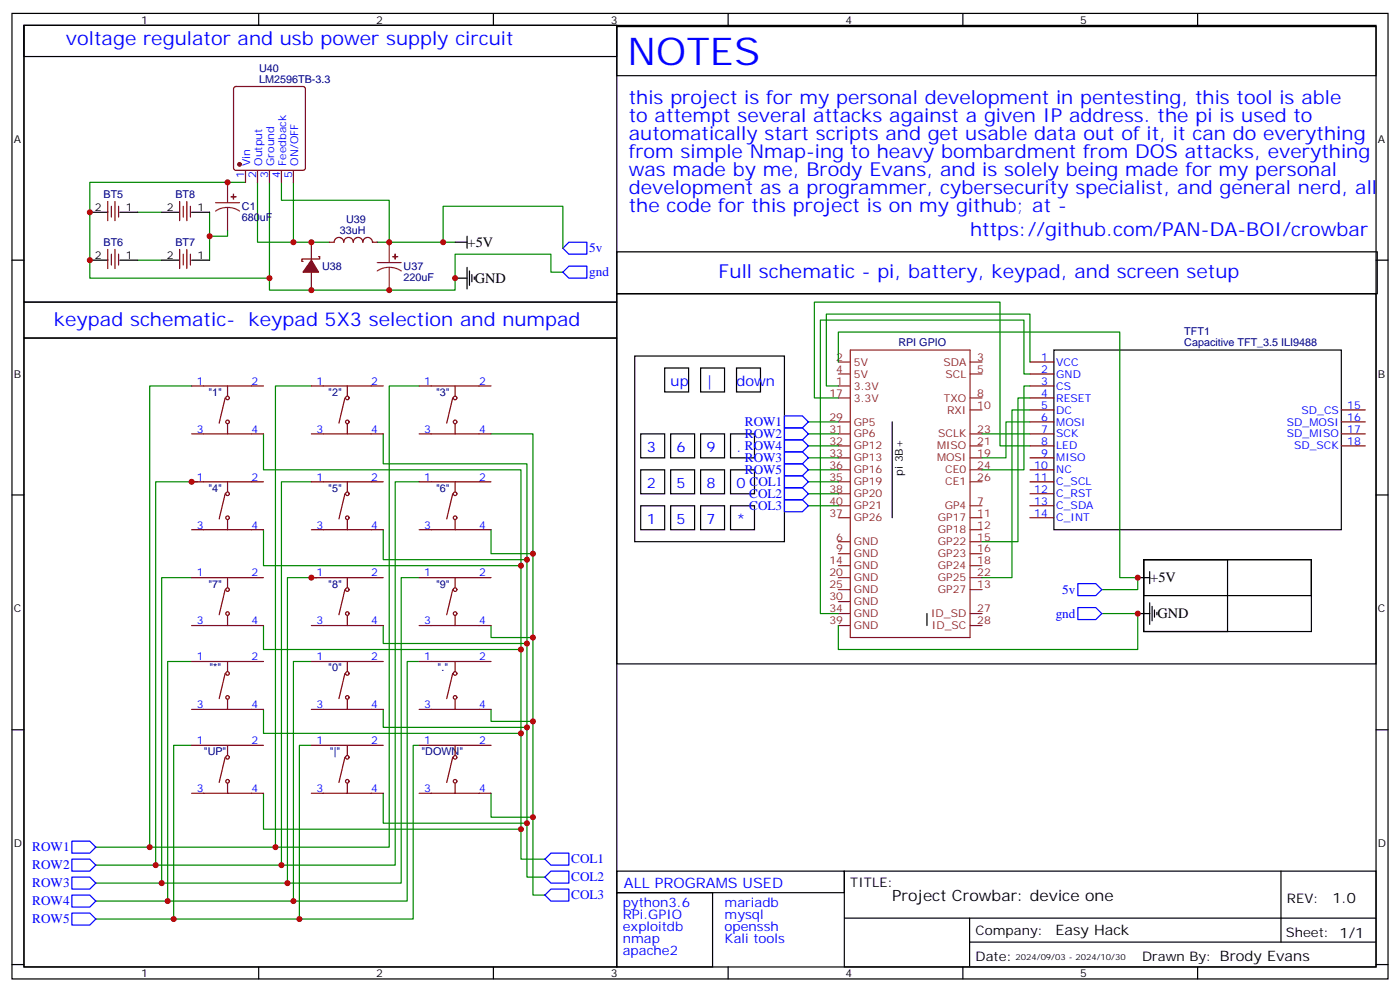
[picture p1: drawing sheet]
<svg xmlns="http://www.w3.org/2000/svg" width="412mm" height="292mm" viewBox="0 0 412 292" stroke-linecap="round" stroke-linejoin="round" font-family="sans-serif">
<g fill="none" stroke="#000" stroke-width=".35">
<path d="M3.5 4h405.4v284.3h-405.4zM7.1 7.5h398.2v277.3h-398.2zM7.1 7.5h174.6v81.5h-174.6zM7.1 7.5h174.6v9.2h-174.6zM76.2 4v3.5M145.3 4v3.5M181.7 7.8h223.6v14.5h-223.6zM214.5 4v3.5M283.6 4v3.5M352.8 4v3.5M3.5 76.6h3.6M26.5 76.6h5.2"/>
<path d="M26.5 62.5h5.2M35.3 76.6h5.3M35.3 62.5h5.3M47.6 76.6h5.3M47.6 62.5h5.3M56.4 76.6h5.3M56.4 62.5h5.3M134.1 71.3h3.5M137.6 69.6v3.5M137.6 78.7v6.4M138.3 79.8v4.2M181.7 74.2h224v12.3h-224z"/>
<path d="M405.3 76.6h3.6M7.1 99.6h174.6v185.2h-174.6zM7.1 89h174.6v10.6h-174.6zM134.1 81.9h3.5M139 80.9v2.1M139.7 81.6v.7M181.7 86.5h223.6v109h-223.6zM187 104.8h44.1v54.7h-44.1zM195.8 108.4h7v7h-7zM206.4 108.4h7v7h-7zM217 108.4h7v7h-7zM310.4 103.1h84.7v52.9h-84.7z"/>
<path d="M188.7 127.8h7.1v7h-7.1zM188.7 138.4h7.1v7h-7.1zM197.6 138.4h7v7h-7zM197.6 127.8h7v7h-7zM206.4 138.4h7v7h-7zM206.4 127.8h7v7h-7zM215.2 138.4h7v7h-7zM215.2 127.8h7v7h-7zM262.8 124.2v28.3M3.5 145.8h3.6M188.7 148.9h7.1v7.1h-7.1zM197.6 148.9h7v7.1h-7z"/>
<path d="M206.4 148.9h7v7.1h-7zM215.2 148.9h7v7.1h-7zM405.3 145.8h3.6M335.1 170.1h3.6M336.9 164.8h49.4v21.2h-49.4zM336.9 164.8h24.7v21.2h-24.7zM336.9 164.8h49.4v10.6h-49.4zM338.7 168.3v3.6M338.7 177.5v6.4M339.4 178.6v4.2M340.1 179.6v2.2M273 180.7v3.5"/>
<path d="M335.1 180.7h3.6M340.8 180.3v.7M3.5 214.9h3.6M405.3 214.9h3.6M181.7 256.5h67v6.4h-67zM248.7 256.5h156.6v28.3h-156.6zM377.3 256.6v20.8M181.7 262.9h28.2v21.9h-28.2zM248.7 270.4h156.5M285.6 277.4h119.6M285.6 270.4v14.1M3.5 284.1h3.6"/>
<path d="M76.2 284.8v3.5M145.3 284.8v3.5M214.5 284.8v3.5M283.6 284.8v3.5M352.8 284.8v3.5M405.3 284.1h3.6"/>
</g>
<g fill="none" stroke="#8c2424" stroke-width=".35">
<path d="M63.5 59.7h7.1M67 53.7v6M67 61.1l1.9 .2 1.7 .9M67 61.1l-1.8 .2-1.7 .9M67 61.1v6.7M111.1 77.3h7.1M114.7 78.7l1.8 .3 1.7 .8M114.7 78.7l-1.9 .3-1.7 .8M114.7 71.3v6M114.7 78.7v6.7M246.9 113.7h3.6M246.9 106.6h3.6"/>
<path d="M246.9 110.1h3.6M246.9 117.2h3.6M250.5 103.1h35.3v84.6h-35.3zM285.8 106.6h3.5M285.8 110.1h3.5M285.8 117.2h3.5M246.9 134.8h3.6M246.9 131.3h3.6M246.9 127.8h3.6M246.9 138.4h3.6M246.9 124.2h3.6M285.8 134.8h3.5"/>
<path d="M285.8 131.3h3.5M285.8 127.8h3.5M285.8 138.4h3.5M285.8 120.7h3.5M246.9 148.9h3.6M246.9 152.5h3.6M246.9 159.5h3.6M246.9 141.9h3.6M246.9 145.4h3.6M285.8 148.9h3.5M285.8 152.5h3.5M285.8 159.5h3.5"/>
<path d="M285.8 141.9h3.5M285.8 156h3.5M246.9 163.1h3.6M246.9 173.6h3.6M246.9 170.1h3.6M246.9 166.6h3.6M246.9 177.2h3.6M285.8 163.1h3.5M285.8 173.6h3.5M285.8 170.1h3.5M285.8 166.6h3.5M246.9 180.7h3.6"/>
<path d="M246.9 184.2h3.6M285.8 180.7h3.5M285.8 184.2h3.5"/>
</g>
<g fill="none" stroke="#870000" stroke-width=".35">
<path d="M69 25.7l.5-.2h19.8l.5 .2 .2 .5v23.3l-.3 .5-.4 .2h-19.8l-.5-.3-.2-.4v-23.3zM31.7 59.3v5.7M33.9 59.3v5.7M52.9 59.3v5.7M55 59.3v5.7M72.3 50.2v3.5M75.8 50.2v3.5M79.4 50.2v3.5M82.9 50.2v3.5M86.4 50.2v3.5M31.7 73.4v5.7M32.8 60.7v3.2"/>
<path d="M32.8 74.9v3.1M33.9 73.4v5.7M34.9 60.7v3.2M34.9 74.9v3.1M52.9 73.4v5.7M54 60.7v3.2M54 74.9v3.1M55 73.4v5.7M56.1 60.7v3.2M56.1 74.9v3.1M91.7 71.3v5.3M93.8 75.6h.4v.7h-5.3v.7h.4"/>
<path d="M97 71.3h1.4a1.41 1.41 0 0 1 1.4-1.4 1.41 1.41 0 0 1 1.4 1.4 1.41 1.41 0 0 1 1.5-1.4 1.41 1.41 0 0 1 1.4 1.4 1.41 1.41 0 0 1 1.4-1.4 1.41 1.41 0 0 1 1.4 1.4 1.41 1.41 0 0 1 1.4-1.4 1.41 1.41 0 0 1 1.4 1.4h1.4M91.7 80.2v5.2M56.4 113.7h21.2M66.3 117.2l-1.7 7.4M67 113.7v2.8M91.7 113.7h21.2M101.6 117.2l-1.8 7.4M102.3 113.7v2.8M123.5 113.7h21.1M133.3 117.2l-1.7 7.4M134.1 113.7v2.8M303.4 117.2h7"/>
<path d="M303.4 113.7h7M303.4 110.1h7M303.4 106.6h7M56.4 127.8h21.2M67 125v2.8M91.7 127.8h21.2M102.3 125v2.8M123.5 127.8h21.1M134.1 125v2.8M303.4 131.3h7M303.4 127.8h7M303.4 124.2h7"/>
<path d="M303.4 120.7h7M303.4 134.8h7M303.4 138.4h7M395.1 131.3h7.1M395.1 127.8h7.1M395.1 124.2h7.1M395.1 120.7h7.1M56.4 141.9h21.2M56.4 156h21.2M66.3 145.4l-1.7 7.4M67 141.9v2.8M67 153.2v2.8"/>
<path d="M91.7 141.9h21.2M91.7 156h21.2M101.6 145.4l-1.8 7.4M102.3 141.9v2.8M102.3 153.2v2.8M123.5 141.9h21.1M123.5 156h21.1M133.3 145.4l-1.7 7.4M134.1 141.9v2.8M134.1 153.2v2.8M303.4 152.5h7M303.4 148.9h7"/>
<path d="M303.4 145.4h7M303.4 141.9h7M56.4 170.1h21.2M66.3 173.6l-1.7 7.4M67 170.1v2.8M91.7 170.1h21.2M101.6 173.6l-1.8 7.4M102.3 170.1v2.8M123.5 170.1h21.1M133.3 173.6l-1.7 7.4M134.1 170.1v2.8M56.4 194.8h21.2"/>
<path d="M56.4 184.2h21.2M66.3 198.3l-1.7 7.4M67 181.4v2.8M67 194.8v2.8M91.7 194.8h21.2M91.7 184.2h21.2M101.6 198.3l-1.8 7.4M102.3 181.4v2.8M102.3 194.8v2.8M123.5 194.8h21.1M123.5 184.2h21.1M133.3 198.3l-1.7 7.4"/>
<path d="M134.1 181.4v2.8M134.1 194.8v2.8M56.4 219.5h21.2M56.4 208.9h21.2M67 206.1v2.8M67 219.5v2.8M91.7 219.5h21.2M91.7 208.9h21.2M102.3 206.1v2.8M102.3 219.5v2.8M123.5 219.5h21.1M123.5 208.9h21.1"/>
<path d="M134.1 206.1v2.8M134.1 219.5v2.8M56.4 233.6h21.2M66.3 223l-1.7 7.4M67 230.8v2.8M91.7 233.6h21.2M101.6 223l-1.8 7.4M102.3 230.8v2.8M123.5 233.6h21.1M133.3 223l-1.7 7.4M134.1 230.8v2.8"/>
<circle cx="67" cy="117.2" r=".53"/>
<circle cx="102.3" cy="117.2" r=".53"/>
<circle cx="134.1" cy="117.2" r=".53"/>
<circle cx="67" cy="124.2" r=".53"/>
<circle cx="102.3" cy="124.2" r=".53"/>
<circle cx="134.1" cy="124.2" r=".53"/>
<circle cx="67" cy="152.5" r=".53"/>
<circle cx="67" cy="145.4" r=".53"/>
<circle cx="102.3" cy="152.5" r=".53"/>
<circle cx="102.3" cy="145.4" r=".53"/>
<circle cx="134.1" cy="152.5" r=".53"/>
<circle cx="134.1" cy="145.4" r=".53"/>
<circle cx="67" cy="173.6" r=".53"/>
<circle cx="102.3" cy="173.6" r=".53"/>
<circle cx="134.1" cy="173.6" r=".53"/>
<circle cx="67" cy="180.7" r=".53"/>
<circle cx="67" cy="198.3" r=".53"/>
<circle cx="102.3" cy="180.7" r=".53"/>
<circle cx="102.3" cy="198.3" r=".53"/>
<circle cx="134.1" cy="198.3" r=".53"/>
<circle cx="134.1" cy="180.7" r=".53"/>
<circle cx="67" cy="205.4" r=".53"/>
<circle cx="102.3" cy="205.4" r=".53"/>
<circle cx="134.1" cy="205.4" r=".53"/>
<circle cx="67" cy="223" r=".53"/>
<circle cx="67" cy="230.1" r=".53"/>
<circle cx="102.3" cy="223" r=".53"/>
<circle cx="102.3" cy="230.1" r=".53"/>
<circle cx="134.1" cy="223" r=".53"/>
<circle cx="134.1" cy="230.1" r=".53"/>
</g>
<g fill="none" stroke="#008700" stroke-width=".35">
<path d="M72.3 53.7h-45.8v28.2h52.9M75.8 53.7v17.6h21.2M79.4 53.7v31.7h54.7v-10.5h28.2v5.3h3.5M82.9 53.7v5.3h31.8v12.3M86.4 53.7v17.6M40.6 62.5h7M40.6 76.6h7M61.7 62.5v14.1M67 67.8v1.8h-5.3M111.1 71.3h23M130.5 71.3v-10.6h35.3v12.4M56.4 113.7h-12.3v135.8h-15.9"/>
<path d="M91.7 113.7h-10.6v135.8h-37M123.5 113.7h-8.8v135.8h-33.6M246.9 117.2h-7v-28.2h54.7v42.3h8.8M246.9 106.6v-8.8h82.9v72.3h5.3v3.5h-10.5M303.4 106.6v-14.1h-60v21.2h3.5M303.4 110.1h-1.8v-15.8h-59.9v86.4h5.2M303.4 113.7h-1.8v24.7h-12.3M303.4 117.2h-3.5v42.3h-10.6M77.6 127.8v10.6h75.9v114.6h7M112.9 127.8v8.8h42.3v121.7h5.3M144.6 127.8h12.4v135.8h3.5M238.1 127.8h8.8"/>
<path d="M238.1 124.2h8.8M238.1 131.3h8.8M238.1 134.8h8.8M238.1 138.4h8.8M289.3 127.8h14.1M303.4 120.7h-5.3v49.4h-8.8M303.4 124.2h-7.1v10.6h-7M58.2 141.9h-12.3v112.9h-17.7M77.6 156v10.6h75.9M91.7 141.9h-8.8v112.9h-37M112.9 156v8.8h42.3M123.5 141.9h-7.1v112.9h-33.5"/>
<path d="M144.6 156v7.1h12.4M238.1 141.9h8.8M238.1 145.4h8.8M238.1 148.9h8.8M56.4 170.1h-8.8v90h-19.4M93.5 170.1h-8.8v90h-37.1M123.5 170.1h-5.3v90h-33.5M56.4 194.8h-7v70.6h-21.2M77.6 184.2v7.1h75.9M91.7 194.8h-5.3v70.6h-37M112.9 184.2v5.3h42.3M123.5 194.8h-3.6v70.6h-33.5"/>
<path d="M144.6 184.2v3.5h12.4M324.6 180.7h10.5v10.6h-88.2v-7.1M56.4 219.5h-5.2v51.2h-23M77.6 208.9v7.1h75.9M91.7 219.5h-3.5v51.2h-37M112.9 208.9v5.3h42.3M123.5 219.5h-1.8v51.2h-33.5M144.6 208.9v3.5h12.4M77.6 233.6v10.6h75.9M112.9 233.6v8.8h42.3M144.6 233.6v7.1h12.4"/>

###

#### [DIRECTIONS FOR THIS TASK]
What lines in the data above contain the word "width"? Show them all.

#### [COMPLETED EXERCISE]
<svg xmlns="http://www.w3.org/2000/svg" width="412mm" height="292mm" viewBox="0 0 412 292" stroke-linecap="round" stroke-linejoin="round" font-family="sans-serif">
<g fill="none" stroke="#000" stroke-width=".35">
<g fill="none" stroke="#8c2424" stroke-width=".35">
<g fill="none" stroke="#870000" stroke-width=".35">
<g fill="none" stroke="#008700" stroke-width=".35">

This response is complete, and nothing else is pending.